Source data
◇ ◇ ◇ ◇ ◇

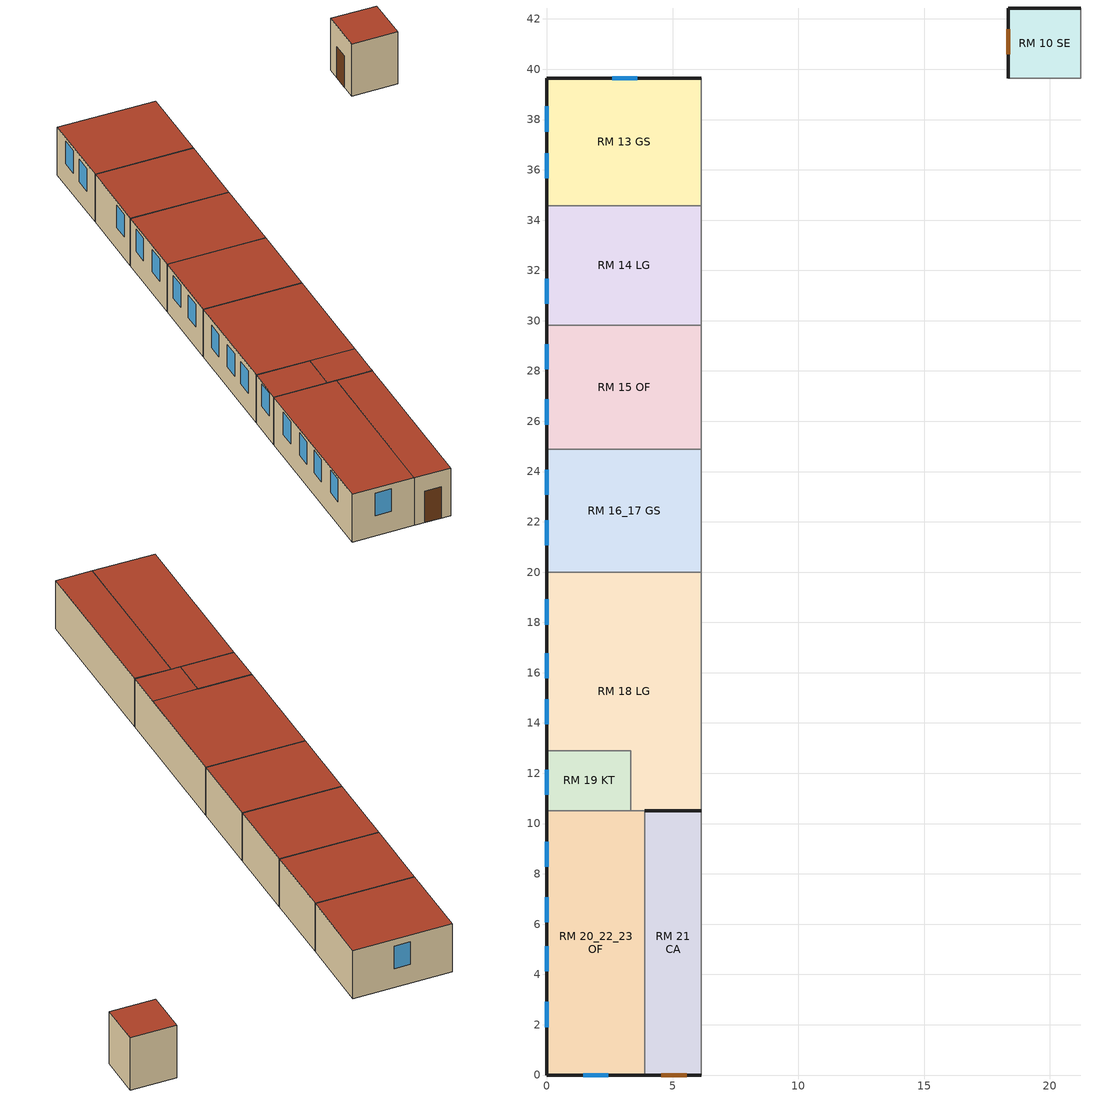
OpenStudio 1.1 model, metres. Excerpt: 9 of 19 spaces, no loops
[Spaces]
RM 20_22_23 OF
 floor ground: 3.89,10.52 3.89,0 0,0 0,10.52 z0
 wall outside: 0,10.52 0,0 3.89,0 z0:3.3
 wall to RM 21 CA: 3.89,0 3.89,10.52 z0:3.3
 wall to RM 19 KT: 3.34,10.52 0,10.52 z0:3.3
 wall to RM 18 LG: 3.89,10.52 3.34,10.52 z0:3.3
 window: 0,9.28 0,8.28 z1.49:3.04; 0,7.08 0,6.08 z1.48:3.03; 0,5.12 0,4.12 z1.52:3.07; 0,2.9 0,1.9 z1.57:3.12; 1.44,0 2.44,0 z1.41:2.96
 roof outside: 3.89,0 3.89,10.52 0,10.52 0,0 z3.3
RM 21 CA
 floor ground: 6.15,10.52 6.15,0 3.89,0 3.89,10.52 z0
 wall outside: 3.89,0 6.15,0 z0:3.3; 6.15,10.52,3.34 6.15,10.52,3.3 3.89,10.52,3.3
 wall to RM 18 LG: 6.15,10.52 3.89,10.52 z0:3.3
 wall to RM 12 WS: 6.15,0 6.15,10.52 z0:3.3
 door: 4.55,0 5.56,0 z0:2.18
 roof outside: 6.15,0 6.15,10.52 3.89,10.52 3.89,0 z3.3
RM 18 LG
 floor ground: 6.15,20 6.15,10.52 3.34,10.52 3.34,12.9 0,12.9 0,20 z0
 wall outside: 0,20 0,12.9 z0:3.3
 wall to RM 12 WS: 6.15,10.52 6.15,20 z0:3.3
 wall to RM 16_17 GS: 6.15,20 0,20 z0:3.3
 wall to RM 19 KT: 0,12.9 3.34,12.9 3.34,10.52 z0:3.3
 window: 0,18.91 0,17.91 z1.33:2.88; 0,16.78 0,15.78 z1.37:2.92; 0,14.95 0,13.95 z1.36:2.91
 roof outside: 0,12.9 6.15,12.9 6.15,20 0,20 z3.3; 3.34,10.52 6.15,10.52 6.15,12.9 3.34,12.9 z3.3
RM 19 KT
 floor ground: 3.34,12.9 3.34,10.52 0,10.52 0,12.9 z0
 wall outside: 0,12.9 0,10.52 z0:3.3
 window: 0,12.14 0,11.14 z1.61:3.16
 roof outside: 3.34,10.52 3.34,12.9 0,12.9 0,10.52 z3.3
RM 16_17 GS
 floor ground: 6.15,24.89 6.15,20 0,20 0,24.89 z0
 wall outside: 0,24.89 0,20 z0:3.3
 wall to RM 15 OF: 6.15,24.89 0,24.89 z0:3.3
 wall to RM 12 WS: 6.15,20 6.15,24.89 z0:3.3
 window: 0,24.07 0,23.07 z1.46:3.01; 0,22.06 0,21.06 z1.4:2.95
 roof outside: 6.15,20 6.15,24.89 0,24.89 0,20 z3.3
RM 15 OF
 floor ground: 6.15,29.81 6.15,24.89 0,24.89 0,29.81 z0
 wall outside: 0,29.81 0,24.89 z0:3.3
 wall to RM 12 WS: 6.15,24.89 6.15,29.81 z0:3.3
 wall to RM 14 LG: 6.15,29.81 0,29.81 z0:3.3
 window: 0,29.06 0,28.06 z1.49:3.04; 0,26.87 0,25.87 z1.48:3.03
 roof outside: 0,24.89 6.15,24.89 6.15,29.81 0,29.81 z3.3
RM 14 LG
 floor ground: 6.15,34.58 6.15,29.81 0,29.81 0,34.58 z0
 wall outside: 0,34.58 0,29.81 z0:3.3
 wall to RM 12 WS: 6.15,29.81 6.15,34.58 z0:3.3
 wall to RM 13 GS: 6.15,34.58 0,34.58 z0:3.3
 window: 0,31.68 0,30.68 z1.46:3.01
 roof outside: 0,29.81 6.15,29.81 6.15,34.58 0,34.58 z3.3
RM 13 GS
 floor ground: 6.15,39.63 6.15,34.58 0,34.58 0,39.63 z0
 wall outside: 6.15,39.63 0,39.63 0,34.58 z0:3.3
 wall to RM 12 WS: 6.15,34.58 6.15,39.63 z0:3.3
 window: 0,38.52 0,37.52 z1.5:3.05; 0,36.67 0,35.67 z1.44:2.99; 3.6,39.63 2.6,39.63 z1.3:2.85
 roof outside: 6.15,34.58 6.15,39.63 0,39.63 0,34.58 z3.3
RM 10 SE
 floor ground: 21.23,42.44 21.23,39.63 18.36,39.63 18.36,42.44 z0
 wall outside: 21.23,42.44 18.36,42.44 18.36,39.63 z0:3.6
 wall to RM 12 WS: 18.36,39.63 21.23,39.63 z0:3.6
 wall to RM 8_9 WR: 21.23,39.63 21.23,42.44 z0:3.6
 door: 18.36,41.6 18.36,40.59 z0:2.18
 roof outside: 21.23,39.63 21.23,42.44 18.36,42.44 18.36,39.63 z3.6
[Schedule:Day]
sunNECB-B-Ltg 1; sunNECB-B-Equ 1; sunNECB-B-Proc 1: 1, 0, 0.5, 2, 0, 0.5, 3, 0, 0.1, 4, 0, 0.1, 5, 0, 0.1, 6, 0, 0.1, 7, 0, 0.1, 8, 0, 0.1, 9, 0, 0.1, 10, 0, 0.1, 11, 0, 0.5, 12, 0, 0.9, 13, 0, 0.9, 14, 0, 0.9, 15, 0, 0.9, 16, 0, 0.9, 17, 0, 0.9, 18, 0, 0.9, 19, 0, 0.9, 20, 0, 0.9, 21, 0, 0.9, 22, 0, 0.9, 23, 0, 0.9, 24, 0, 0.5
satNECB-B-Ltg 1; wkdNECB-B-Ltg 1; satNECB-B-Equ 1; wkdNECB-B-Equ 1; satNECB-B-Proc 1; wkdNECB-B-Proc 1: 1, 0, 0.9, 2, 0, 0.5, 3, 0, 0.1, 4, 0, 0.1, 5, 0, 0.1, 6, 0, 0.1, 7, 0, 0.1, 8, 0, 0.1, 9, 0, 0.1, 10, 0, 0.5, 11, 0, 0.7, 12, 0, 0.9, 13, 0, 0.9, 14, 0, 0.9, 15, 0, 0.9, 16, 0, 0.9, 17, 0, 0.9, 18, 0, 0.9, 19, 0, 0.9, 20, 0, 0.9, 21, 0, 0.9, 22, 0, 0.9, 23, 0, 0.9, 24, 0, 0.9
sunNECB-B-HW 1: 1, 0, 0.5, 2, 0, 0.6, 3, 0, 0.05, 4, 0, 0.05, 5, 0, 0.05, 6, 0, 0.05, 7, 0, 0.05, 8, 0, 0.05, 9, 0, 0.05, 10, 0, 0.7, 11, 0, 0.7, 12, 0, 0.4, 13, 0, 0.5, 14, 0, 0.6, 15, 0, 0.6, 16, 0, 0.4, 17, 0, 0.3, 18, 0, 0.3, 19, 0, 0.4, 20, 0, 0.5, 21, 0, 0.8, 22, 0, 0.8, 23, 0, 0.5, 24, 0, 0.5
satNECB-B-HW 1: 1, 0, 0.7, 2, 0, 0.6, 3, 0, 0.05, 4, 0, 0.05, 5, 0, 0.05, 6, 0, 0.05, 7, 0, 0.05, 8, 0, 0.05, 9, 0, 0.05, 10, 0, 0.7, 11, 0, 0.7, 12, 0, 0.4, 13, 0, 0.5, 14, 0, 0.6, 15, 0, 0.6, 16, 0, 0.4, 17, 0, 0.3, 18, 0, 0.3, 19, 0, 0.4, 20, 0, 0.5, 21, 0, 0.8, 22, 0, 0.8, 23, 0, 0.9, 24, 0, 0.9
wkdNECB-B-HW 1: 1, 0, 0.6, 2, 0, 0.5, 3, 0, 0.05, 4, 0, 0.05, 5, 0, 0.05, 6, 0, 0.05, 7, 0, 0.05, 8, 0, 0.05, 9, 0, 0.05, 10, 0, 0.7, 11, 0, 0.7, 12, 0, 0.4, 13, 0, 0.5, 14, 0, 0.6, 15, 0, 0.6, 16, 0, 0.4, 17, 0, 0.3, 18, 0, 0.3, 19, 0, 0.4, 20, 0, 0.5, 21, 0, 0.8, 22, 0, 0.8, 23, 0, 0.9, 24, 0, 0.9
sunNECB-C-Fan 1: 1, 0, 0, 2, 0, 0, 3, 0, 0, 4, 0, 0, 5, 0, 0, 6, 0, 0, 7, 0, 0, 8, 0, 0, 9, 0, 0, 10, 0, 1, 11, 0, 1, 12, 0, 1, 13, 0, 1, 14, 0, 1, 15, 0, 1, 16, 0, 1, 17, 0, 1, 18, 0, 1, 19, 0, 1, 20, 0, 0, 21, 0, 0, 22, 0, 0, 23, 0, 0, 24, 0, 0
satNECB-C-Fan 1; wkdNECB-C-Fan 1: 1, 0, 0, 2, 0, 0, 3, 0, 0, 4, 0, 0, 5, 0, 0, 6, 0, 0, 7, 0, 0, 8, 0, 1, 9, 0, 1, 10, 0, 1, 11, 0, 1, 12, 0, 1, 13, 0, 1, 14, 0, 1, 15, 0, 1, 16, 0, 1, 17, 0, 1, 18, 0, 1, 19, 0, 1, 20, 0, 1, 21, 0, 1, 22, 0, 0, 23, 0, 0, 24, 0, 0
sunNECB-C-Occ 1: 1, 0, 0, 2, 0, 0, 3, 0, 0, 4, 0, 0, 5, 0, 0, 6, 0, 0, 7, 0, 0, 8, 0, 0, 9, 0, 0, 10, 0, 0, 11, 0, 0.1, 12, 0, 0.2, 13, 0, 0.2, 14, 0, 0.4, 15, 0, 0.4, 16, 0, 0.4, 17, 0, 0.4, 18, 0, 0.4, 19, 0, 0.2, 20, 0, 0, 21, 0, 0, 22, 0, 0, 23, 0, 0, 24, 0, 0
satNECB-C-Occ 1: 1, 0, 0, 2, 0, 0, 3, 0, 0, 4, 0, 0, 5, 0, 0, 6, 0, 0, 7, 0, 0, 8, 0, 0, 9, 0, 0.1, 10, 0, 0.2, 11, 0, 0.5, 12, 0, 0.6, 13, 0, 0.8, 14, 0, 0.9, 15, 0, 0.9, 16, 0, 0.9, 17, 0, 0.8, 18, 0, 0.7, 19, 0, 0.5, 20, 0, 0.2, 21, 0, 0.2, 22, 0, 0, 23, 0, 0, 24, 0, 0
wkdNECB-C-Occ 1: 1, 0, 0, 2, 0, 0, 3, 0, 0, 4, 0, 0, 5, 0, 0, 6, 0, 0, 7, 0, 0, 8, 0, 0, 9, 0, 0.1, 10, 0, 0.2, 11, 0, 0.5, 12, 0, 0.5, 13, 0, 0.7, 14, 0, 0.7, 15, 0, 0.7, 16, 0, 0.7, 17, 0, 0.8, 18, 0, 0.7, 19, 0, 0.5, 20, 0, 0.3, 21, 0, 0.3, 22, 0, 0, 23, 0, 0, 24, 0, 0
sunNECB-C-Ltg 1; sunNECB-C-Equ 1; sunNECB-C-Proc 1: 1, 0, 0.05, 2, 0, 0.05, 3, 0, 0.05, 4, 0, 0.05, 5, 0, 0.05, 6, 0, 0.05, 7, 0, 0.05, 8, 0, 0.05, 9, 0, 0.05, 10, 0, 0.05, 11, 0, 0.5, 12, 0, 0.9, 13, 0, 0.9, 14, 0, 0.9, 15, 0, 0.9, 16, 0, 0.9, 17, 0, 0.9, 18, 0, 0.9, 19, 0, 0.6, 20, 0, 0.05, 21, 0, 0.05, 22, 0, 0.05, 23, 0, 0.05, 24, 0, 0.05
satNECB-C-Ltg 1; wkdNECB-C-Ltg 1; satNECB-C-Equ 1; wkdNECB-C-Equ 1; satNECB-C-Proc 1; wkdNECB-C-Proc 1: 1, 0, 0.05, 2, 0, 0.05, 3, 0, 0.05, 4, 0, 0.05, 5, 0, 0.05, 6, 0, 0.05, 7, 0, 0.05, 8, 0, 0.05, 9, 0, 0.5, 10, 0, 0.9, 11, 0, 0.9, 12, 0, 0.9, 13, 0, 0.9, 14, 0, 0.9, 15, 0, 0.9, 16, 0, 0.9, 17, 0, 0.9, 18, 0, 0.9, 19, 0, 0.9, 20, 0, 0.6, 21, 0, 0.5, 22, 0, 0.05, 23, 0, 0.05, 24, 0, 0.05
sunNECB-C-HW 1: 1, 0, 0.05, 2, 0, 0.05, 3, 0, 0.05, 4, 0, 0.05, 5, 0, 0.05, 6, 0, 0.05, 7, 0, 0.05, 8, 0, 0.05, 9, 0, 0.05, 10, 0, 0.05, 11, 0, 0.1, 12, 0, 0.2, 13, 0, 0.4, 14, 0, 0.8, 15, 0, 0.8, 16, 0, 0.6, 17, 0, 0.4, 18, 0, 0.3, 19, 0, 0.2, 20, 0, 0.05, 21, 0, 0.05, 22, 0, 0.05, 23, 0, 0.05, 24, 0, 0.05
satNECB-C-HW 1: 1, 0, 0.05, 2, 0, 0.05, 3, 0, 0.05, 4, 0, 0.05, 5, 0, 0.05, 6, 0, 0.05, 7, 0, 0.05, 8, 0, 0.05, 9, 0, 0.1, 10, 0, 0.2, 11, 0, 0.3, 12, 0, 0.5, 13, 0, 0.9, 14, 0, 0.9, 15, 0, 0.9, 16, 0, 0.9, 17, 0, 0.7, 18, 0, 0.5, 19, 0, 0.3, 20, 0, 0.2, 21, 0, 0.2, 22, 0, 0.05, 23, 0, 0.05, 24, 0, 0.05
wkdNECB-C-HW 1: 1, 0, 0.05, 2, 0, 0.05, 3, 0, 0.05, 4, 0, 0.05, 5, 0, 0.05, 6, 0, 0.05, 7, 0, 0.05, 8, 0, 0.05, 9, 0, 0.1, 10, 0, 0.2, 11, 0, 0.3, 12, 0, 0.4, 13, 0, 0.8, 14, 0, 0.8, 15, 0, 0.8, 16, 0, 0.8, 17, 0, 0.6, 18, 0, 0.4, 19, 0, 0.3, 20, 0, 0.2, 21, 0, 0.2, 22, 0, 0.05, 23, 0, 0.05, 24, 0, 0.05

◇ ◇ ◇ ◇ ◇

▶ **What is expected**:
Above are the records; from them, give again exactly the lines from the one containing "floor ground: 6.15,29.81" to the one containing "wall to RM 12 WS: 18.36,39.63", both lines included, and nothing more.

▶ **Response below**:
 floor ground: 6.15,29.81 6.15,24.89 0,24.89 0,29.81 z0
 wall outside: 0,29.81 0,24.89 z0:3.3
 wall to RM 12 WS: 6.15,24.89 6.15,29.81 z0:3.3
 wall to RM 14 LG: 6.15,29.81 0,29.81 z0:3.3
 window: 0,29.06 0,28.06 z1.49:3.04; 0,26.87 0,25.87 z1.48:3.03
 roof outside: 0,24.89 6.15,24.89 6.15,29.81 0,29.81 z3.3
RM 14 LG
 floor ground: 6.15,34.58 6.15,29.81 0,29.81 0,34.58 z0
 wall outside: 0,34.58 0,29.81 z0:3.3
 wall to RM 12 WS: 6.15,29.81 6.15,34.58 z0:3.3
 wall to RM 13 GS: 6.15,34.58 0,34.58 z0:3.3
 window: 0,31.68 0,30.68 z1.46:3.01
 roof outside: 0,29.81 6.15,29.81 6.15,34.58 0,34.58 z3.3
RM 13 GS
 floor ground: 6.15,39.63 6.15,34.58 0,34.58 0,39.63 z0
 wall outside: 6.15,39.63 0,39.63 0,34.58 z0:3.3
 wall to RM 12 WS: 6.15,34.58 6.15,39.63 z0:3.3
 window: 0,38.52 0,37.52 z1.5:3.05; 0,36.67 0,35.67 z1.44:2.99; 3.6,39.63 2.6,39.63 z1.3:2.85
 roof outside: 6.15,34.58 6.15,39.63 0,39.63 0,34.58 z3.3
RM 10 SE
 floor ground: 21.23,42.44 21.23,39.63 18.36,39.63 18.36,42.44 z0
 wall outside: 21.23,42.44 18.36,42.44 18.36,39.63 z0:3.6
 wall to RM 12 WS: 18.36,39.63 21.23,39.63 z0:3.6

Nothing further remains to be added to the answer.